Dear Editor and Mr. Miller

On August the 13th I read a letter written to the Hub by Larry Miller, MP. He expressed that he was "truly shocked and appalled" by the recent decision of Victoria City Council to remove a thirty-five year-old statue of John A Macdonald from the front steps of City Hall and relocating it to a local museum where it can be better contextualized.

I have the great privilege of splitting my time between Mr. Miller's riding - my home - and the City of Victoria - where I study and work. And I was not in the slightest bit shocked, neither was I appalled by this decision. Because I understand the context in which it was made.

Perhaps it is simply a matter of distance making contextual information harder to access, but Mr. Miller's letter makes it seem that this decision was taken on a whim. The facts are something much different, however.

Council's decision to remove the statue came as the result of a year-long consultation process with the local Songhees and Esquimalt First Nations. Indeed, the request for the removal of the statue emerged as part of a long-standing dialogue between these parties about actions towards reconciliation that are within the City's jurisdiction.

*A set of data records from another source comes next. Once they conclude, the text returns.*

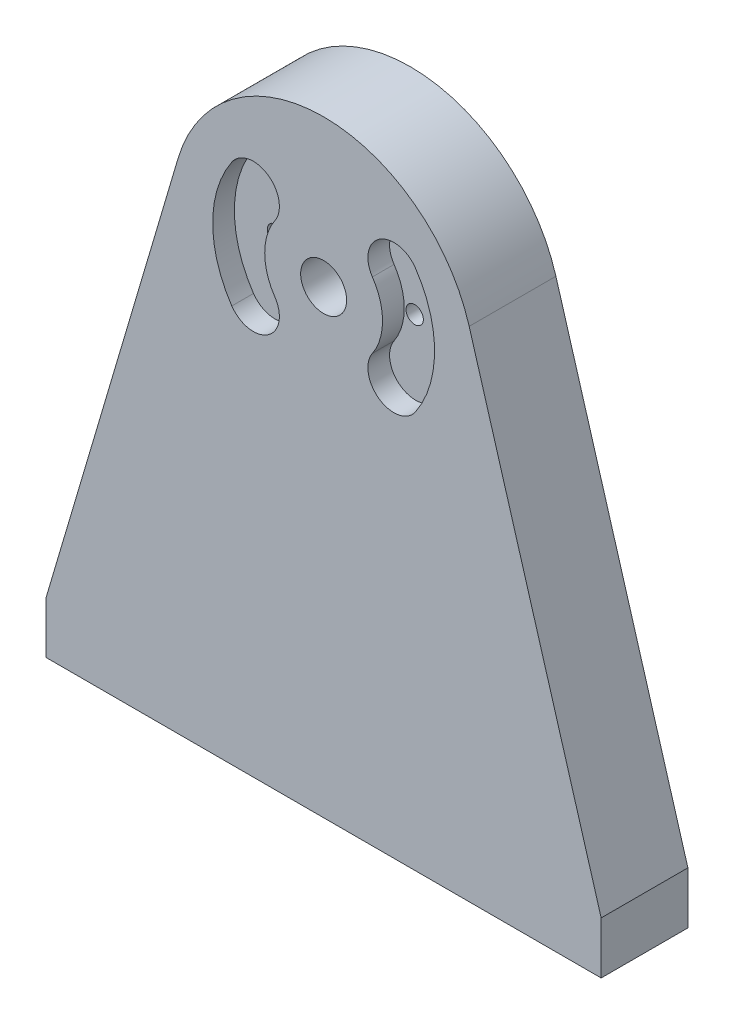
ISO-10303-21;
HEADER;
FILE_DESCRIPTION(('STEP AP214'),'2;1');
FILE_NAME('part.step','',(''),(''),'','','');
FILE_SCHEMA(('AUTOMOTIVE_DESIGN { 1 0 10303 214 1 1 1 1 }'));
ENDSEC;
DATA;
#1=APPLICATION_CONTEXT('core data for automotive mechanical design processes');
#2=APPLICATION_PROTOCOL_DEFINITION('international standard','automotive_design',2000,#1);
#3=PRODUCT_CONTEXT('',#1,'mechanical');
#4=PRODUCT('Part','Part','',(#3));
#5=PRODUCT_RELATED_PRODUCT_CATEGORY('part','',(#4));
#6=PRODUCT_DEFINITION_FORMATION('','',#4);
#7=PRODUCT_DEFINITION_CONTEXT('part definition',#1,'design');
#8=PRODUCT_DEFINITION('design','',#6,#7);
#9=PRODUCT_DEFINITION_SHAPE('','',#8);
#10=(LENGTH_UNIT() NAMED_UNIT(*) SI_UNIT(.MILLI.,.METRE.));
#11=(NAMED_UNIT(*) PLANE_ANGLE_UNIT() SI_UNIT($,.RADIAN.));
#12=(NAMED_UNIT(*) SI_UNIT($,.STERADIAN.) SOLID_ANGLE_UNIT());
#13=UNCERTAINTY_MEASURE_WITH_UNIT(LENGTH_MEASURE(1.E-05),#10,'distance_accuracy_value','');
#14=(GEOMETRIC_REPRESENTATION_CONTEXT(3) GLOBAL_UNCERTAINTY_ASSIGNED_CONTEXT((#13)) GLOBAL_UNIT_ASSIGNED_CONTEXT((#10,
#11,#12)) REPRESENTATION_CONTEXT('',''));
#15=CARTESIAN_POINT('',(0.,0.,0.));
#16=DIRECTION('',(0.,0.,1.));
#17=DIRECTION('',(1.,0.,0.));
#18=AXIS2_PLACEMENT_3D('',#15,#16,#17);
#19=CARTESIAN_POINT('',(0.,52.5,5.));
#20=DIRECTION('',(0.,0.,1.));
#21=DIRECTION('',(1.,0.,0.));
#22=AXIS2_PLACEMENT_3D('',#19,#20,#21);
#23=PLANE('',#22);
#24=CARTESIAN_POINT('',(-8.10334356909827,58.5,5.));
#25=DIRECTION('',(0.,0.,1.));
#26=DIRECTION('',(1.,0.,0.));
#27=AXIS2_PLACEMENT_3D('',#24,#25,#26);
#28=CIRCLE('',#27,3.);
#29=CARTESIAN_POINT('',(-5.62110165243839,56.8152225466915,5.));
#30=VERTEX_POINT('',#29);
#31=CARTESIAN_POINT('',(-10.5855854857581,60.1847774533085,5.));
#32=VERTEX_POINT('',#31);
#33=EDGE_CURVE('E261',#30,#32,#28,.T.);
#34=ORIENTED_EDGE('',*,*,#33,.F.);
#35=CARTESIAN_POINT('',(0.,53.,5.));
#36=DIRECTION('',(0.,0.,-1.));
#37=DIRECTION('',(1.,0.,0.));
#38=AXIS2_PLACEMENT_3D('',#35,#36,#37);
#39=CIRCLE('',#38,6.79357835516959);
#40=CARTESIAN_POINT('',(-5.62110165243839,49.1847774533085,5.));
#41=VERTEX_POINT('',#40);
#42=EDGE_CURVE('E325',#41,#30,#39,.T.);
#43=ORIENTED_EDGE('',*,*,#42,.F.);
#44=CARTESIAN_POINT('',(-8.10334356909827,47.5,5.));
#45=DIRECTION('',(0.,0.,1.));
#46=DIRECTION('',(1.,0.,0.));
#47=AXIS2_PLACEMENT_3D('',#44,#45,#46);
#48=CIRCLE('',#47,3.);
#49=CARTESIAN_POINT('',(-10.5855854857581,45.8152225466915,5.));
#50=VERTEX_POINT('',#49);
#51=EDGE_CURVE('E323',#50,#41,#48,.T.);
#52=ORIENTED_EDGE('',*,*,#51,.F.);
#53=CARTESIAN_POINT('',(0.,53.,5.));
#54=DIRECTION('',(0.,0.,1.));
#55=DIRECTION('',(1.,0.,0.));
#56=AXIS2_PLACEMENT_3D('',#53,#54,#55);
#57=CIRCLE('',#56,12.7935783551696);
#58=EDGE_CURVE('E312',#32,#50,#57,.T.);
#59=ORIENTED_EDGE('',*,*,#58,.F.);
#60=EDGE_LOOP('',(#34,#43,#52,#59));
#61=FACE_BOUND('',#60,.T.);
#62=CARTESIAN_POINT('',(0.,53.,5.));
#63=DIRECTION('',(0.,0.,1.));
#64=DIRECTION('',(1.,0.,0.));
#65=AXIS2_PLACEMENT_3D('',#62,#63,#64);
#66=CIRCLE('',#65,2.65);
#67=CARTESIAN_POINT('',(2.65,53.,5.));
#68=VERTEX_POINT('',#67);
#69=EDGE_CURVE('E332',#68,#68,#66,.T.);
#70=ORIENTED_EDGE('',*,*,#69,.F.);
#71=EDGE_LOOP('',(#70));
#72=FACE_BOUND('',#71,.T.);
#73=DIRECTION('',(0.,-1.,0.));
#74=VECTOR('',#73,1.);
#75=CARTESIAN_POINT('',(-32.,0.,5.));
#76=LINE('',#75,#74);
#77=CARTESIAN_POINT('',(-32.,6.,5.));
#78=VERTEX_POINT('',#77);
#79=CARTESIAN_POINT('',(-32.,0.,5.));
#80=VERTEX_POINT('',#79);
#81=EDGE_CURVE('E244',#78,#80,#76,.T.);
#82=ORIENTED_EDGE('',*,*,#81,.T.);
#83=DIRECTION('',(1.,0.,0.));
#84=VECTOR('',#83,1.);
#85=CARTESIAN_POINT('',(-32.,0.,5.));
#86=LINE('',#85,#84);
#87=CARTESIAN_POINT('',(32.,0.,5.));
#88=VERTEX_POINT('',#87);
#89=EDGE_CURVE('E343',#80,#88,#86,.T.);
#90=ORIENTED_EDGE('',*,*,#89,.T.);
#91=DIRECTION('',(0.,1.,0.));
#92=VECTOR('',#91,1.);
#93=CARTESIAN_POINT('',(32.,0.,5.));
#94=LINE('',#93,#92);
#95=CARTESIAN_POINT('',(32.,6.,5.));
#96=VERTEX_POINT('',#95);
#97=EDGE_CURVE('E230',#88,#96,#94,.T.);
#98=ORIENTED_EDGE('',*,*,#97,.T.);
#99=DIRECTION('',(-0.283577938554677,0.958949191962265,0.));
#100=VECTOR('',#99,1.);
#101=CARTESIAN_POINT('',(32.,6.,5.));
#102=LINE('',#101,#100);
#103=CARTESIAN_POINT('',(16.7816108593396,57.4626139247069,5.));
#104=VERTEX_POINT('',#103);
#105=EDGE_CURVE('E346',#96,#104,#102,.T.);
#106=ORIENTED_EDGE('',*,*,#105,.T.);
#107=CARTESIAN_POINT('',(0.,52.5,5.));
#108=DIRECTION('',(0.,0.,1.));
#109=DIRECTION('',(1.,0.,0.));
#110=AXIS2_PLACEMENT_3D('',#107,#108,#109);
#111=CIRCLE('',#110,17.5);
#112=CARTESIAN_POINT('',(-16.7816108593396,57.4626139247069,5.));
#113=VERTEX_POINT('',#112);
#114=EDGE_CURVE('E348',#104,#113,#111,.T.);
#115=ORIENTED_EDGE('',*,*,#114,.T.);
#116=DIRECTION('',(-0.283577938554677,-0.958949191962265,0.));
#117=VECTOR('',#116,1.);
#118=CARTESIAN_POINT('',(-32.,6.,5.));
#119=LINE('',#118,#117);
#120=EDGE_CURVE('E249',#113,#78,#119,.T.);
#121=ORIENTED_EDGE('',*,*,#120,.T.);
#122=EDGE_LOOP('',(#82,#90,#98,#106,#115,#121));
#123=FACE_BOUND('',#122,.T.);
#124=CARTESIAN_POINT('',(0.,53.,5.));
#125=DIRECTION('',(0.,0.,1.));
#126=DIRECTION('',(-1.,0.,0.));
#127=AXIS2_PLACEMENT_3D('',#124,#125,#126);
#128=CIRCLE('',#127,6.79357835516959);
#129=CARTESIAN_POINT('',(5.62110165243839,49.1847774533085,5.));
#130=VERTEX_POINT('',#129);
#131=CARTESIAN_POINT('',(5.62110165243839,56.8152225466915,5.));
#132=VERTEX_POINT('',#131);
#133=EDGE_CURVE('E364',#130,#132,#128,.T.);
#134=ORIENTED_EDGE('',*,*,#133,.T.);
#135=CARTESIAN_POINT('',(8.10334356909827,58.5,5.));
#136=DIRECTION('',(0.,0.,-1.));
#137=DIRECTION('',(-1.,0.,0.));
#138=AXIS2_PLACEMENT_3D('',#135,#136,#137);
#139=CIRCLE('',#138,3.);
#140=CARTESIAN_POINT('',(10.5855854857581,60.1847774533085,5.));
#141=VERTEX_POINT('',#140);
#142=EDGE_CURVE('E265',#132,#141,#139,.T.);
#143=ORIENTED_EDGE('',*,*,#142,.T.);
#144=CARTESIAN_POINT('',(0.,53.,5.));
#145=DIRECTION('',(0.,0.,-1.));
#146=DIRECTION('',(-1.,0.,0.));
#147=AXIS2_PLACEMENT_3D('',#144,#145,#146);
#148=CIRCLE('',#147,12.7935783551696);
#149=CARTESIAN_POINT('',(10.5855854857581,45.8152225466915,5.));
#150=VERTEX_POINT('',#149);
#151=EDGE_CURVE('E372',#141,#150,#148,.T.);
#152=ORIENTED_EDGE('',*,*,#151,.T.);
#153=CARTESIAN_POINT('',(8.10334356909827,47.5,5.));
#154=DIRECTION('',(0.,0.,-1.));
#155=DIRECTION('',(-1.,0.,0.));
#156=AXIS2_PLACEMENT_3D('',#153,#154,#155);
#157=CIRCLE('',#156,3.);
#158=EDGE_CURVE('E367',#150,#130,#157,.T.);
#159=ORIENTED_EDGE('',*,*,#158,.T.);
#160=EDGE_LOOP('',(#134,#143,#152,#159));
#161=FACE_BOUND('',#160,.T.);
#162=ADVANCED_FACE('F32',(#61,#72,#123,#161),#23,.T.);
#163=CARTESIAN_POINT('',(-32.,0.,5.));
#164=DIRECTION('',(1.,0.,0.));
#165=DIRECTION('',(0.,0.,-1.));
#166=AXIS2_PLACEMENT_3D('',#163,#164,#165);
#167=PLANE('',#166);
#168=DIRECTION('',(0.,-1.,0.));
#169=VECTOR('',#168,1.);
#170=CARTESIAN_POINT('',(-32.,0.,-5.));
#171=LINE('',#170,#169);
#172=CARTESIAN_POINT('',(-32.,6.,-5.));
#173=VERTEX_POINT('',#172);
#174=CARTESIAN_POINT('',(-32.,0.,-5.));
#175=VERTEX_POINT('',#174);
#176=EDGE_CURVE('E226',#173,#175,#171,.T.);
#177=ORIENTED_EDGE('',*,*,#176,.T.);
#178=DIRECTION('',(0.,0.,-1.));
#179=VECTOR('',#178,1.);
#180=CARTESIAN_POINT('',(-32.,0.,5.));
#181=LINE('',#180,#179);
#182=EDGE_CURVE('E220',#80,#175,#181,.T.);
#183=ORIENTED_EDGE('',*,*,#182,.F.);
#184=ORIENTED_EDGE('',*,*,#81,.F.);
#185=DIRECTION('',(0.,0.,-1.));
#186=VECTOR('',#185,1.);
#187=CARTESIAN_POINT('',(-32.,6.,5.));
#188=LINE('',#187,#186);
#189=EDGE_CURVE('E245',#78,#173,#188,.T.);
#190=ORIENTED_EDGE('',*,*,#189,.T.);
#191=EDGE_LOOP('',(#177,#183,#184,#190));
#192=FACE_BOUND('',#191,.T.);
#193=ADVANCED_FACE('F34',(#192),#167,.F.);
#194=CARTESIAN_POINT('',(-32.,0.,5.));
#195=DIRECTION('',(0.,1.,0.));
#196=DIRECTION('',(0.,0.,1.));
#197=AXIS2_PLACEMENT_3D('',#194,#195,#196);
#198=PLANE('',#197);
#199=CARTESIAN_POINT('',(22.,0.,0.));
#200=DIRECTION('',(0.,-1.,0.));
#201=DIRECTION('',(0.,0.,-1.));
#202=AXIS2_PLACEMENT_3D('',#199,#200,#201);
#203=CIRCLE('',#202,2.64999999999999);
#204=CARTESIAN_POINT('',(22.,0.,-2.64999999999999));
#205=VERTEX_POINT('',#204);
#206=EDGE_CURVE('E200',#205,#205,#203,.T.);
#207=ORIENTED_EDGE('',*,*,#206,.F.);
#208=EDGE_LOOP('',(#207));
#209=FACE_BOUND('',#208,.T.);
#210=CARTESIAN_POINT('',(-22.,0.,0.));
#211=DIRECTION('',(0.,-1.,0.));
#212=DIRECTION('',(0.,0.,-1.));
#213=AXIS2_PLACEMENT_3D('',#210,#211,#212);
#214=CIRCLE('',#213,2.64999999999999);
#215=CARTESIAN_POINT('',(-22.,0.,-2.65));
#216=VERTEX_POINT('',#215);
#217=EDGE_CURVE('E204',#216,#216,#214,.T.);
#218=ORIENTED_EDGE('',*,*,#217,.F.);
#219=EDGE_LOOP('',(#218));
#220=FACE_BOUND('',#219,.T.);
#221=CARTESIAN_POINT('',(8.,0.,0.));
#222=DIRECTION('',(0.,-1.,0.));
#223=DIRECTION('',(0.,0.,-1.));
#224=AXIS2_PLACEMENT_3D('',#221,#222,#223);
#225=CIRCLE('',#224,0.999999999999989);
#226=CARTESIAN_POINT('',(8.,0.,-0.999999999999989));
#227=VERTEX_POINT('',#226);
#228=EDGE_CURVE('E208',#227,#227,#225,.T.);
#229=ORIENTED_EDGE('',*,*,#228,.F.);
#230=EDGE_LOOP('',(#229));
#231=FACE_BOUND('',#230,.T.);
#232=CARTESIAN_POINT('',(-8.,0.,0.));
#233=DIRECTION('',(0.,-1.,0.));
#234=DIRECTION('',(0.,0.,-1.));
#235=AXIS2_PLACEMENT_3D('',#232,#233,#234);
#236=CIRCLE('',#235,0.999999999999989);
#237=CARTESIAN_POINT('',(-8.,0.,-0.999999999999991));
#238=VERTEX_POINT('',#237);
#239=EDGE_CURVE('E212',#238,#238,#236,.T.);
#240=ORIENTED_EDGE('',*,*,#239,.F.);
#241=EDGE_LOOP('',(#240));
#242=FACE_BOUND('',#241,.T.);
#243=DIRECTION('',(1.,0.,0.));
#244=VECTOR('',#243,1.);
#245=CARTESIAN_POINT('',(-32.,0.,-5.));
#246=LINE('',#245,#244);
#247=CARTESIAN_POINT('',(32.,0.,-5.));
#248=VERTEX_POINT('',#247);
#249=EDGE_CURVE('E215',#175,#248,#246,.T.);
#250=ORIENTED_EDGE('',*,*,#249,.T.);
#251=DIRECTION('',(0.,0.,-1.));
#252=VECTOR('',#251,1.);
#253=CARTESIAN_POINT('',(32.,0.,5.));
#254=LINE('',#253,#252);
#255=EDGE_CURVE('E217',#88,#248,#254,.T.);
#256=ORIENTED_EDGE('',*,*,#255,.F.);
#257=ORIENTED_EDGE('',*,*,#89,.F.);
#258=ORIENTED_EDGE('',*,*,#182,.T.);
#259=EDGE_LOOP('',(#250,#256,#257,#258));
#260=FACE_BOUND('',#259,.T.);
#261=ADVANCED_FACE('F166',(#209,#220,#231,#242,#260),#198,.F.);
#262=CARTESIAN_POINT('',(32.,0.,5.));
#263=DIRECTION('',(-1.,0.,0.));
#264=DIRECTION('',(0.,0.,1.));
#265=AXIS2_PLACEMENT_3D('',#262,#263,#264);
#266=PLANE('',#265);
#267=DIRECTION('',(0.,1.,0.));
#268=VECTOR('',#267,1.);
#269=CARTESIAN_POINT('',(32.,0.,-5.));
#270=LINE('',#269,#268);
#271=CARTESIAN_POINT('',(32.,6.,-5.));
#272=VERTEX_POINT('',#271);
#273=EDGE_CURVE('E225',#248,#272,#270,.T.);
#274=ORIENTED_EDGE('',*,*,#273,.T.);
#275=DIRECTION('',(0.,0.,-1.));
#276=VECTOR('',#275,1.);
#277=CARTESIAN_POINT('',(32.,6.,5.));
#278=LINE('',#277,#276);
#279=EDGE_CURVE('E231',#96,#272,#278,.T.);
#280=ORIENTED_EDGE('',*,*,#279,.F.);
#281=ORIENTED_EDGE('',*,*,#97,.F.);
#282=ORIENTED_EDGE('',*,*,#255,.T.);
#283=EDGE_LOOP('',(#274,#280,#281,#282));
#284=FACE_BOUND('',#283,.T.);
#285=ADVANCED_FACE('F189',(#284),#266,.F.);
#286=CARTESIAN_POINT('',(32.,6.,5.));
#287=DIRECTION('',(-0.958949191962265,-0.283577938554677,0.));
#288=DIRECTION('',(0.283577938554677,-0.958949191962265,0.));
#289=AXIS2_PLACEMENT_3D('',#286,#287,#288);
#290=PLANE('',#289);
#291=DIRECTION('',(-0.283577938554677,0.958949191962265,0.));
#292=VECTOR('',#291,1.);
#293=CARTESIAN_POINT('',(32.,6.,-5.));
#294=LINE('',#293,#292);
#295=CARTESIAN_POINT('',(16.7816108593396,57.4626139247069,-5.));
#296=VERTEX_POINT('',#295);
#297=EDGE_CURVE('E235',#272,#296,#294,.T.);
#298=ORIENTED_EDGE('',*,*,#297,.T.);
#299=DIRECTION('',(0.,0.,-1.));
#300=VECTOR('',#299,1.);
#301=CARTESIAN_POINT('',(16.7816108593396,57.4626139247069,5.));
#302=LINE('',#301,#300);
#303=EDGE_CURVE('E252',#104,#296,#302,.T.);
#304=ORIENTED_EDGE('',*,*,#303,.F.);
#305=ORIENTED_EDGE('',*,*,#105,.F.);
#306=ORIENTED_EDGE('',*,*,#279,.T.);
#307=EDGE_LOOP('',(#298,#304,#305,#306));
#308=FACE_BOUND('',#307,.T.);
#309=ADVANCED_FACE('F185',(#308),#290,.F.);
#310=CARTESIAN_POINT('',(0.,52.5,5.));
#311=DIRECTION('',(0.,0.,-1.));
#312=DIRECTION('',(-1.,0.,0.));
#313=AXIS2_PLACEMENT_3D('',#310,#311,#312);
#314=CYLINDRICAL_SURFACE('',#313,17.5);
#315=CARTESIAN_POINT('',(0.,52.5,-5.));
#316=DIRECTION('',(0.,0.,1.));
#317=DIRECTION('',(1.,0.,0.));
#318=AXIS2_PLACEMENT_3D('',#315,#316,#317);
#319=CIRCLE('',#318,17.5);
#320=CARTESIAN_POINT('',(-16.7816108593396,57.4626139247069,-5.));
#321=VERTEX_POINT('',#320);
#322=EDGE_CURVE('E237',#296,#321,#319,.T.);
#323=ORIENTED_EDGE('',*,*,#322,.T.);
#324=DIRECTION('',(0.,0.,-1.));
#325=VECTOR('',#324,1.);
#326=CARTESIAN_POINT('',(-16.7816108593396,57.4626139247069,5.));
#327=LINE('',#326,#325);
#328=EDGE_CURVE('E248',#113,#321,#327,.T.);
#329=ORIENTED_EDGE('',*,*,#328,.F.);
#330=ORIENTED_EDGE('',*,*,#114,.F.);
#331=ORIENTED_EDGE('',*,*,#303,.T.);
#332=EDGE_LOOP('',(#323,#329,#330,#331));
#333=FACE_BOUND('',#332,.T.);
#334=ADVANCED_FACE('F181',(#333),#314,.T.);
#335=CARTESIAN_POINT('',(-32.,6.,5.));
#336=DIRECTION('',(0.958949191962265,-0.283577938554677,0.));
#337=DIRECTION('',(0.283577938554677,0.958949191962265,0.));
#338=AXIS2_PLACEMENT_3D('',#335,#336,#337);
#339=PLANE('',#338);
#340=DIRECTION('',(-0.283577938554677,-0.958949191962265,0.));
#341=VECTOR('',#340,1.);
#342=CARTESIAN_POINT('',(-32.,6.,-5.));
#343=LINE('',#342,#341);
#344=EDGE_CURVE('E242',#321,#173,#343,.T.);
#345=ORIENTED_EDGE('',*,*,#344,.T.);
#346=ORIENTED_EDGE('',*,*,#189,.F.);
#347=ORIENTED_EDGE('',*,*,#120,.F.);
#348=ORIENTED_EDGE('',*,*,#328,.T.);
#349=EDGE_LOOP('',(#345,#346,#347,#348));
#350=FACE_BOUND('',#349,.T.);
#351=ADVANCED_FACE('F177',(#350),#339,.F.);
#352=CARTESIAN_POINT('',(0.,52.5,-5.));
#353=DIRECTION('',(0.,0.,1.));
#354=DIRECTION('',(1.,0.,0.));
#355=AXIS2_PLACEMENT_3D('',#352,#353,#354);
#356=PLANE('',#355);
#357=CARTESIAN_POINT('',(0.,53.,-5.));
#358=DIRECTION('',(0.,0.,1.));
#359=DIRECTION('',(1.,0.,0.));
#360=AXIS2_PLACEMENT_3D('',#357,#358,#359);
#361=CIRCLE('',#360,2.65);
#362=CARTESIAN_POINT('',(2.65,53.,-5.));
#363=VERTEX_POINT('',#362);
#364=EDGE_CURVE('E338',#363,#363,#361,.T.);
#365=ORIENTED_EDGE('',*,*,#364,.T.);
#366=EDGE_LOOP('',(#365));
#367=FACE_BOUND('',#366,.T.);
#368=ORIENTED_EDGE('',*,*,#176,.F.);
#369=ORIENTED_EDGE('',*,*,#344,.F.);
#370=ORIENTED_EDGE('',*,*,#322,.F.);
#371=ORIENTED_EDGE('',*,*,#297,.F.);
#372=ORIENTED_EDGE('',*,*,#273,.F.);
#373=ORIENTED_EDGE('',*,*,#249,.F.);
#374=EDGE_LOOP('',(#368,#369,#370,#371,#372,#373));
#375=FACE_BOUND('',#374,.T.);
#376=ADVANCED_FACE('F174',(#367,#375),#356,.F.);
#377=CARTESIAN_POINT('',(0.,53.,5.));
#378=DIRECTION('',(0.,0.,1.));
#379=DIRECTION('',(1.,0.,0.));
#380=AXIS2_PLACEMENT_3D('',#377,#378,#379);
#381=CYLINDRICAL_SURFACE('',#380,2.65);
#382=ORIENTED_EDGE('',*,*,#364,.F.);
#383=EDGE_LOOP('',(#382));
#384=FACE_BOUND('',#383,.T.);
#385=ORIENTED_EDGE('',*,*,#69,.T.);
#386=EDGE_LOOP('',(#385));
#387=FACE_BOUND('',#386,.T.);
#388=ADVANCED_FACE('F172',(#384,#387),#381,.F.);
#389=CARTESIAN_POINT('',(-8.10334356909827,58.5,2.5));
#390=DIRECTION('',(0.,0.,1.));
#391=DIRECTION('',(1.,0.,0.));
#392=AXIS2_PLACEMENT_3D('',#389,#390,#391);
#393=CYLINDRICAL_SURFACE('',#392,3.);
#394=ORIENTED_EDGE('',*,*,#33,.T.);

The reason for the removal is quite clear: all residents of Victoria - both Indigenous and not - have to visit City Hall on occasion. Since the early 1980s this has meant that Indigenous people have had to pass a statue that offered no explanation as to why it was celebrating a man who, to them, stands primarily as the architect of a system of genocide that killed thousands of Indigenous children, that shattered families, devastated cultures, and the effects of which are still felt to this day. Mr. Miller's own government was forced by a class-action lawsuit to acknowledge these truths on the floor of the House in 2008.

In addition to this, there is also the passing grotesquery that City Hall is located on the edge of Victoria's historic Chinatown. The statue of Macdonald has, for thirty-five years now, been glowering over a community built by people who were brought to Canada to build the Pacific Railway in near-slave conditions, but whom Macdonald himself said were a threat to the "Aryan character" of the whites-only Canada that he envisioned.

Mr. Miller's letter implies that removal of this statue may cause us to "to ignore and eliminate" the historical legacy of Macdonald. A comment that bears two responses.

First, both as a resident of Victoria and as a teacher, I can say with absolute clarity that the educational value of this particular statue - but likely of public statues more generally - is quite minimal. If it exists at all.

Not once in my own education, nor in the education of my students, can I recall any memories of us gathering around the feet of a cold bronze humanoid to be given substantive history lessons. Such lesson are contained in books, in films, museums (such as the one where Macdonald will be moved to), or in oral story-telling traditions. Macdonald will remain firmly emplaced in all those locations. Statues are meant to celebrate and commemorate. They teach very little.

My second comment is that - ironically, given his apparent concern for the matter - Mr. Miller's own grasp of the history surrounding Macdonald is somewhat tenuous. For instance, he makes no effort to cover in any detail either the bloody history of residential schools or Chinese labourers. Yet he suggests, rather boldly, that Macdonald built this country.

In the city of Victoria, as in Bruce-Grey, workers built this country. And those workers were Chinese, Indigenous, black, white, male, female, and members of the Queer community. Macdonald made himself comfortable and rich from their exploited labour. He built nothing concrete.

'But,' I can imagine Mr. Miller saying, 'Macdonald did provide the vision for the country.' 'Macdonald built the idea of Canada,' Mr. Miller might argue.

There again, a grasp of actual history is instructive. The Canada that Macdonald tried to build bears little resemblance to the one we see today.

First of all, clearly and thankfully, the Canada we live in today is not a white ethno-state, as Macdonald had indicated was his intention. To Mr. Miller's point that Macdonald had first proposed the vote for Indigenous peoples, this was a deliberately assimilationist policy that would have required the giving up of Indian status in order to vote. It was meant to make Indigenous communities disappear. Moreover, even his few sparse statements about extending the vote to women largely came during the Northwest Uprisings. Macdonald thought that giving the vote to white women would ensure electoral support for his campaign to subjugate the M├ętis.

There is still much further proof that his legacy has already been rejected. For instance, Macdonald's Canada was to be ruled almost exclusively from Ottawa. He imagined the provinces as having little more than municipal powers. Only through court rulings against Macdonald's vision have we arrived at a situation where the provinces are seen to have legitimate independence. This is something I'm sure Mr. Miller appreciates, given his own apprehensions about the present federal government.

Mr. Miller concludes his letter by writing that "progress is often times not a sprint, but a marathon." I've heard a similar sentiment put as: 'if you want to go fast, go alone; if you want to go far, go together.'

As a proud resident of both Bruce-Grey and Victoria, I cannot think of a better way to go far than what Victoria City Council has shown in its year-long dialogue with the local First Nations. A dialogue that has beautified this city by removing a statue that venerated a man whose vision and continued legacy would have seen the deliberate exclusion and injury of many of the neighbours and friends that make this place what it is today.

They are the people worth building statues to.